The Bronx neighborhood of Hunts Point has one of the highest asthma rates in the world. Home to the world’s largest food distribution center, the Hunts Point Terminal Market, which accounts for nearly 20,000 diesel truck trips per week, it is also the site of over two dozen waste transfer stations, a raw sewage de-watering facility, and a sewage sludge processing plant. These facilities rely almost exclusively on diesel trucks for transport. Nestled amidst all this is a community of 10,000 residents.
Growing up in Hunts Point, I don’t remember seeing trucks run through the residential core as they do now. Classmates with asthma were then the exception, not the rule. Today, many people ask, “Could the diesel fumes of the increased truck traffic have anything to do with the overwhelming increase in asthma over the last decade?”
Though The Point Community Development Corporation is by no means a research organization, The Point has always recognized that doing research can only strengthen one’s position, if for no other reason than to let the community know exactly where they stand and what they need to work on. A series of studies have helped us organize for cleaner air.

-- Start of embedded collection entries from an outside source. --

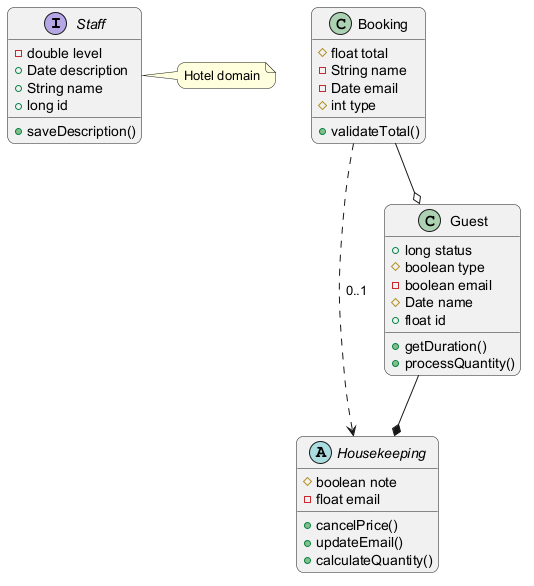

The diagram above was rendered by PlantUML. Its source (embedded in the PNG):
@startuml
skinparam backgroundColor #FFFFFF
skinparam roundCorner 15
interface Staff {
  -double level
  +Date description
  +String name
  +long id
  +saveDescription()
}
abstract class Housekeeping {
  #boolean note
  -float email
  +cancelPrice()
  +updateEmail()
  +calculateQuantity()
}
class Guest {
  +long status
  #boolean type
  -boolean email
  #Date name
  +float id
  +getDuration()
  +processQuantity()
}
class Booking {
  #float total
  -String name
  -Date email
  #int type
  +validateTotal()
}
Booking ..> Housekeeping : "0..1"
Guest --* Housekeeping
Booking --o Guest
note right of Staff : Hotel domain
@enduml

Knowing that trees might be able to help ease some of the air pollution load in Hunts Point, two summers ago we sent a group of young adults out to count the street trees in our neighborhood. The results were worse than expected: only one tree per acre. We took that survey to private foundations and the city council and used it to lobby for more trees in the area. Over the next few planting seasons, Hunts Point will see close to 1,000 new trees. We never would have achieved those results without doing the research first.
From that experience, we understood the power of numbers. Last summer, we worked with the NYC Environmental Justice Alliance on Truck Watch, a truck counting project to get a sense of the actual amount of truck traffic that enters and exits Hunts Point. Beyond the sheer density of trucks (25 percent of all traffic), we found rampant use of illegal routes and idling beyond the three-minute limit.
Soon after our study was completed, a six-year-old girl from Hunts Point named Crystal Vargas was killed by a truck while riding her bike on her street, which intersected a truck route. This tragedy spurred community activists to force the issue of pedestrian safety to the table, and they had our study to back them up. Community groups referenced the study as additional evidence that truck traffic endangered the safety of Hunts Points residents. As a result, the spring of 1999 saw a barrage of traffic calming devices and street direction re-routing. It was an amazing victory.
The question of diesel fumes and asthma is more complicated. We knew that if we were to take a position it would have to be supported with real scientific research that was beyond reproach or dispute. So this past summer The Point worked with Suvendrini Lena and Patrick Kinney of the Columbia School of Public Health, and Victor Ochieng and Jose Holguin-Vera at the Institute for Transportation Systems at The City University of NY and the Hunter College School of Health Sciences to design a study that would analyze the effect of diesel truck concentration on air quality. Led by myself and The Point’s Cristina Melendez, a group of Hunts Point residents and interns from Hunter College’s Environmental Sciences Project served as monitors.
Waking up by 5 a.m. three times a week for three weeks straight to get ready for half a dozen drowsy people to ring my doorbell to begin the first 12-hour monitoring shift was tough. But such a project was worth losing sleep. Our intergenerational team of community monitors (including my mom) knew the importance of what they were doing and took it very seriously. They felt empowered by the fact that the institutions were participating to strengthen our community’s case.
The results are not yet in. Whatever they show, this study will not be the magic bullet that saves the Hunts Point community from the evil diesel monster. But it will be an organizing tool to prove that our quality of life is severely degraded by the overabundance of diesel emissions in our neighborhoods, and to work for community-supported solutions such as traffic calming, converting diesel trucks to compressed natural gas, and greening traditionally tree- and parkland-devoid areas.
As a whole, Hunts Point is stronger now than it has been in years. We are finding our voice and using it to speak volumes. We are hopeful that the 21st century will give Hunts Point much to breathe easier about.